- **MATERIAL PROVIDED**
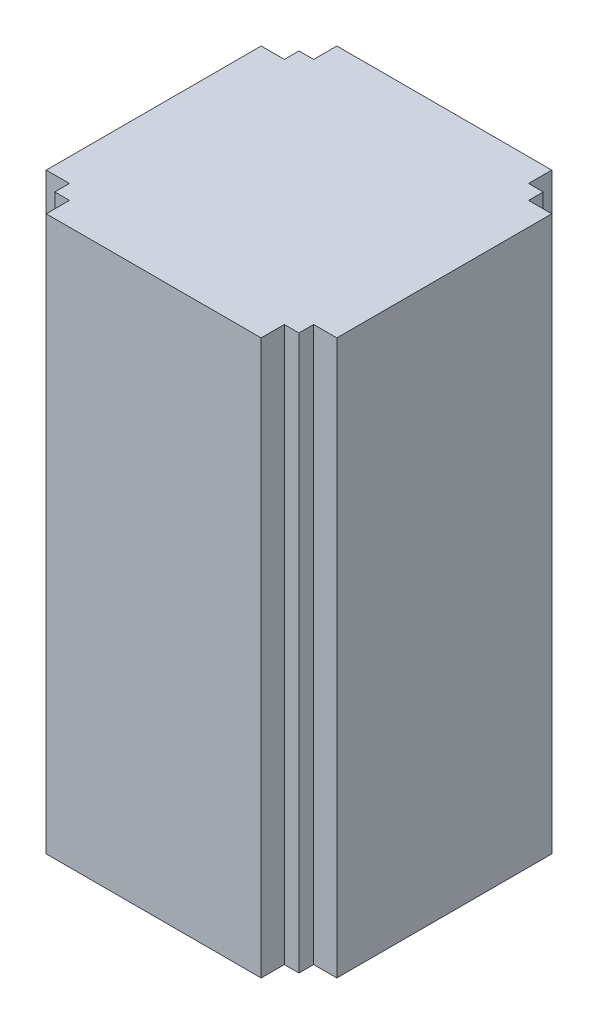
ISO-10303-21;
HEADER;
FILE_DESCRIPTION(('STEP AP214'),'2;1');
FILE_NAME('part.step','',(''),(''),'','','');
FILE_SCHEMA(('AUTOMOTIVE_DESIGN { 1 0 10303 214 1 1 1 1 }'));
ENDSEC;
DATA;
#1=APPLICATION_CONTEXT('core data for automotive mechanical design processes');
#2=APPLICATION_PROTOCOL_DEFINITION('international standard','automotive_design',2000,#1);
#3=PRODUCT_CONTEXT('',#1,'mechanical');
#4=PRODUCT('Part','Part','',(#3));
#5=PRODUCT_RELATED_PRODUCT_CATEGORY('part','',(#4));
#6=PRODUCT_DEFINITION_FORMATION('','',#4);
#7=PRODUCT_DEFINITION_CONTEXT('part definition',#1,'design');
#8=PRODUCT_DEFINITION('design','',#6,#7);
#9=PRODUCT_DEFINITION_SHAPE('','',#8);
#10=(LENGTH_UNIT() NAMED_UNIT(*) SI_UNIT(.MILLI.,.METRE.));
#11=(NAMED_UNIT(*) PLANE_ANGLE_UNIT() SI_UNIT($,.RADIAN.));
#12=(NAMED_UNIT(*) SI_UNIT($,.STERADIAN.) SOLID_ANGLE_UNIT());
#13=UNCERTAINTY_MEASURE_WITH_UNIT(LENGTH_MEASURE(1.E-05),#10,'distance_accuracy_value','');
#14=(GEOMETRIC_REPRESENTATION_CONTEXT(3) GLOBAL_UNCERTAINTY_ASSIGNED_CONTEXT((#13)) GLOBAL_UNIT_ASSIGNED_CONTEXT((#10,
#11,#12)) REPRESENTATION_CONTEXT('',''));
#15=CARTESIAN_POINT('',(0.,0.,0.));
#16=DIRECTION('',(0.,0.,1.));
#17=DIRECTION('',(1.,0.,0.));
#18=AXIS2_PLACEMENT_3D('',#15,#16,#17);
#19=CARTESIAN_POINT('',(50.,227.,-44.));
#20=DIRECTION('',(-1.,0.,0.));
#21=DIRECTION('',(0.,0.,1.));
#22=AXIS2_PLACEMENT_3D('',#19,#20,#21);
#23=PLANE('',#22);
#24=DIRECTION('',(0.,0.,-1.));
#25=VECTOR('',#24,1.);
#26=CARTESIAN_POINT('',(50.,0.,-44.));
#27=LINE('',#26,#25);
#28=CARTESIAN_POINT('',(50.,0.,-44.));
#29=VERTEX_POINT('',#28);
#30=CARTESIAN_POINT('',(50.,0.,-50.));
#31=VERTEX_POINT('',#30);
#32=EDGE_CURVE('E200',#29,#31,#27,.T.);
#33=ORIENTED_EDGE('',*,*,#32,.T.);
#34=DIRECTION('',(0.,-1.,0.));
#35=VECTOR('',#34,1.);
#36=CARTESIAN_POINT('',(50.,227.,-50.));
#37=LINE('',#36,#35);
#38=CARTESIAN_POINT('',(50.,227.,-50.));
#39=VERTEX_POINT('',#38);
#40=EDGE_CURVE('E11',#39,#31,#37,.T.);
#41=ORIENTED_EDGE('',*,*,#40,.F.);
#42=DIRECTION('',(0.,0.,-1.));
#43=VECTOR('',#42,1.);
#44=CARTESIAN_POINT('',(50.,227.,-44.));
#45=LINE('',#44,#43);
#46=CARTESIAN_POINT('',(50.,227.,-44.));
#47=VERTEX_POINT('',#46);
#48=EDGE_CURVE('E238',#47,#39,#45,.T.);
#49=ORIENTED_EDGE('',*,*,#48,.F.);
#50=DIRECTION('',(0.,-1.,0.));
#51=VECTOR('',#50,1.);
#52=CARTESIAN_POINT('',(50.,227.,-44.));
#53=LINE('',#52,#51);
#54=EDGE_CURVE('E196',#47,#29,#53,.T.);
#55=ORIENTED_EDGE('',*,*,#54,.T.);
#56=EDGE_LOOP('',(#33,#41,#49,#55));
#57=FACE_BOUND('',#56,.T.);
#58=ADVANCED_FACE('F32',(#57),#23,.F.);
#59=CARTESIAN_POINT('',(44.,227.,-50.));
#60=DIRECTION('',(0.,0.,1.));
#61=DIRECTION('',(1.,0.,0.));
#62=AXIS2_PLACEMENT_3D('',#59,#60,#61);
#63=PLANE('',#62);
#64=DIRECTION('',(-1.,0.,0.));
#65=VECTOR('',#64,1.);
#66=CARTESIAN_POINT('',(44.,0.,-50.));
#67=LINE('',#66,#65);
#68=CARTESIAN_POINT('',(44.,0.,-50.));
#69=VERTEX_POINT('',#68);
#70=EDGE_CURVE('E203',#31,#69,#67,.T.);
#71=ORIENTED_EDGE('',*,*,#70,.T.);
#72=DIRECTION('',(0.,-1.,0.));
#73=VECTOR('',#72,1.);
#74=CARTESIAN_POINT('',(44.,227.,-50.));
#75=LINE('',#74,#73);
#76=CARTESIAN_POINT('',(44.,227.,-50.));
#77=VERTEX_POINT('',#76);
#78=EDGE_CURVE('E40',#77,#69,#75,.T.);
#79=ORIENTED_EDGE('',*,*,#78,.F.);
#80=DIRECTION('',(-1.,0.,0.));
#81=VECTOR('',#80,1.);
#82=CARTESIAN_POINT('',(44.,227.,-50.));
#83=LINE('',#82,#81);
#84=EDGE_CURVE('E127',#39,#77,#83,.T.);
#85=ORIENTED_EDGE('',*,*,#84,.F.);
#86=ORIENTED_EDGE('',*,*,#40,.T.);
#87=EDGE_LOOP('',(#71,#79,#85,#86));
#88=FACE_BOUND('',#87,.T.);
#89=ADVANCED_FACE('F356',(#88),#63,.F.);
#90=CARTESIAN_POINT('',(44.,227.,-50.));
#91=DIRECTION('',(-1.,0.,0.));
#92=DIRECTION('',(0.,0.,1.));
#93=AXIS2_PLACEMENT_3D('',#90,#91,#92);
#94=PLANE('',#93);
#95=DIRECTION('',(0.,0.,-1.));
#96=VECTOR('',#95,1.);
#97=CARTESIAN_POINT('',(44.,0.,-50.));
#98=LINE('',#97,#96);
#99=CARTESIAN_POINT('',(44.,0.,-59.5));
#100=VERTEX_POINT('',#99);
#101=EDGE_CURVE('E205',#69,#100,#98,.T.);
#102=ORIENTED_EDGE('',*,*,#101,.T.);
#103=DIRECTION('',(0.,-1.,0.));
#104=VECTOR('',#103,1.);
#105=CARTESIAN_POINT('',(44.,227.,-59.5));
#106=LINE('',#105,#104);
#107=CARTESIAN_POINT('',(44.,227.,-59.5));
#108=VERTEX_POINT('',#107);
#109=EDGE_CURVE('E281',#108,#100,#106,.T.);
#110=ORIENTED_EDGE('',*,*,#109,.F.);
#111=DIRECTION('',(0.,0.,-1.));
#112=VECTOR('',#111,1.);
#113=CARTESIAN_POINT('',(44.,227.,-50.));
#114=LINE('',#113,#112);
#115=EDGE_CURVE('E289',#77,#108,#114,.T.);
#116=ORIENTED_EDGE('',*,*,#115,.F.);
#117=ORIENTED_EDGE('',*,*,#78,.T.);
#118=EDGE_LOOP('',(#102,#110,#116,#117));
#119=FACE_BOUND('',#118,.T.);
#120=ADVANCED_FACE('F287',(#119),#94,.F.);
#121=CARTESIAN_POINT('',(-44.,227.,-59.5));
#122=DIRECTION('',(0.,0.,1.));
#123=DIRECTION('',(1.,0.,0.));
#124=AXIS2_PLACEMENT_3D('',#121,#122,#123);
#125=PLANE('',#124);
#126=DIRECTION('',(-1.,0.,0.));
#127=VECTOR('',#126,1.);
#128=CARTESIAN_POINT('',(-44.,0.,-59.5));
#129=LINE('',#128,#127);
#130=CARTESIAN_POINT('',(-44.,0.,-59.5));
#131=VERTEX_POINT('',#130);
#132=EDGE_CURVE('E207',#100,#131,#129,.T.);
#133=ORIENTED_EDGE('',*,*,#132,.T.);
#134=DIRECTION('',(0.,-1.,0.));
#135=VECTOR('',#134,1.);
#136=CARTESIAN_POINT('',(-44.,227.,-59.5));
#137=LINE('',#136,#135);
#138=CARTESIAN_POINT('',(-44.,227.,-59.5));
#139=VERTEX_POINT('',#138);
#140=EDGE_CURVE('E278',#139,#131,#137,.T.);
#141=ORIENTED_EDGE('',*,*,#140,.F.);
#142=DIRECTION('',(-1.,0.,0.));
#143=VECTOR('',#142,1.);
#144=CARTESIAN_POINT('',(-44.,227.,-59.5));
#145=LINE('',#144,#143);
#146=EDGE_CURVE('E307',#108,#139,#145,.T.);
#147=ORIENTED_EDGE('',*,*,#146,.F.);
#148=ORIENTED_EDGE('',*,*,#109,.T.);
#149=EDGE_LOOP('',(#133,#141,#147,#148));
#150=FACE_BOUND('',#149,.T.);
#151=ADVANCED_FACE('F298',(#150),#125,.F.);
#152=CARTESIAN_POINT('',(-44.,227.,-50.));
#153=DIRECTION('',(1.,0.,0.));
#154=DIRECTION('',(0.,0.,-1.));
#155=AXIS2_PLACEMENT_3D('',#152,#153,#154);
#156=PLANE('',#155);
#157=DIRECTION('',(0.,0.,1.));
#158=VECTOR('',#157,1.);
#159=CARTESIAN_POINT('',(-44.,0.,-50.));
#160=LINE('',#159,#158);
#161=CARTESIAN_POINT('',(-44.,0.,-50.));
#162=VERTEX_POINT('',#161);
#163=EDGE_CURVE('E209',#131,#162,#160,.T.);
#164=ORIENTED_EDGE('',*,*,#163,.T.);
#165=DIRECTION('',(0.,-1.,0.));
#166=VECTOR('',#165,1.);
#167=CARTESIAN_POINT('',(-44.,227.,-50.));
#168=LINE('',#167,#166);
#169=CARTESIAN_POINT('',(-44.,227.,-50.));
#170=VERTEX_POINT('',#169);
#171=EDGE_CURVE('E275',#170,#162,#168,.T.);
#172=ORIENTED_EDGE('',*,*,#171,.F.);
#173=DIRECTION('',(0.,0.,1.));
#174=VECTOR('',#173,1.);
#175=CARTESIAN_POINT('',(-44.,227.,-50.));
#176=LINE('',#175,#174);
#177=EDGE_CURVE('E304',#139,#170,#176,.T.);
#178=ORIENTED_EDGE('',*,*,#177,.F.);
#179=ORIENTED_EDGE('',*,*,#140,.T.);
#180=EDGE_LOOP('',(#164,#172,#178,#179));
#181=FACE_BOUND('',#180,.T.);
#182=ADVANCED_FACE('F302',(#181),#156,.F.);
#183=CARTESIAN_POINT('',(-50.,227.,-50.));
#184=DIRECTION('',(0.,0.,1.));
#185=DIRECTION('',(1.,0.,0.));
#186=AXIS2_PLACEMENT_3D('',#183,#184,#185);
#187=PLANE('',#186);
#188=DIRECTION('',(-1.,0.,0.));
#189=VECTOR('',#188,1.);
#190=CARTESIAN_POINT('',(-50.,0.,-50.));
#191=LINE('',#190,#189);
#192=CARTESIAN_POINT('',(-50.,0.,-50.));
#193=VERTEX_POINT('',#192);
#194=EDGE_CURVE('E211',#162,#193,#191,.T.);
#195=ORIENTED_EDGE('',*,*,#194,.T.);
#196=DIRECTION('',(0.,-1.,0.));
#197=VECTOR('',#196,1.);
#198=CARTESIAN_POINT('',(-50.,227.,-50.));
#199=LINE('',#198,#197);
#200=CARTESIAN_POINT('',(-50.,227.,-50.));
#201=VERTEX_POINT('',#200);
#202=EDGE_CURVE('E272',#201,#193,#199,.T.);
#203=ORIENTED_EDGE('',*,*,#202,.F.);
#204=DIRECTION('',(-1.,0.,0.));
#205=VECTOR('',#204,1.);
#206=CARTESIAN_POINT('',(-50.,227.,-50.));
#207=LINE('',#206,#205);
#208=EDGE_CURVE('E306',#170,#201,#207,.T.);
#209=ORIENTED_EDGE('',*,*,#208,.F.);
#210=ORIENTED_EDGE('',*,*,#171,.T.);
#211=EDGE_LOOP('',(#195,#203,#209,#210));
#212=FACE_BOUND('',#211,.T.);
#213=ADVANCED_FACE('F369',(#212),#187,.F.);
#214=CARTESIAN_POINT('',(-50.,227.,-44.));
#215=DIRECTION('',(1.,0.,0.));
#216=DIRECTION('',(0.,0.,-1.));
#217=AXIS2_PLACEMENT_3D('',#214,#215,#216);
#218=PLANE('',#217);
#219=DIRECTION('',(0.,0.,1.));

- **TASK STATEMENT**
Restate word for word the entries above, starting at the line with "#107=CARTESIAN_POINT('',(44.,227.,-59.5));" and ending at the line with "#116=ORIENTED_EDGE('',*,*,#115,.F.);", inclusive, and no others.

- **EXERCISE OUTPUT**
#107=CARTESIAN_POINT('',(44.,227.,-59.5));
#108=VERTEX_POINT('',#107);
#109=EDGE_CURVE('E281',#108,#100,#106,.T.);
#110=ORIENTED_EDGE('',*,*,#109,.F.);
#111=DIRECTION('',(0.,0.,-1.));
#112=VECTOR('',#111,1.);
#113=CARTESIAN_POINT('',(44.,227.,-50.));
#114=LINE('',#113,#112);
#115=EDGE_CURVE('E289',#77,#108,#114,.T.);
#116=ORIENTED_EDGE('',*,*,#115,.F.);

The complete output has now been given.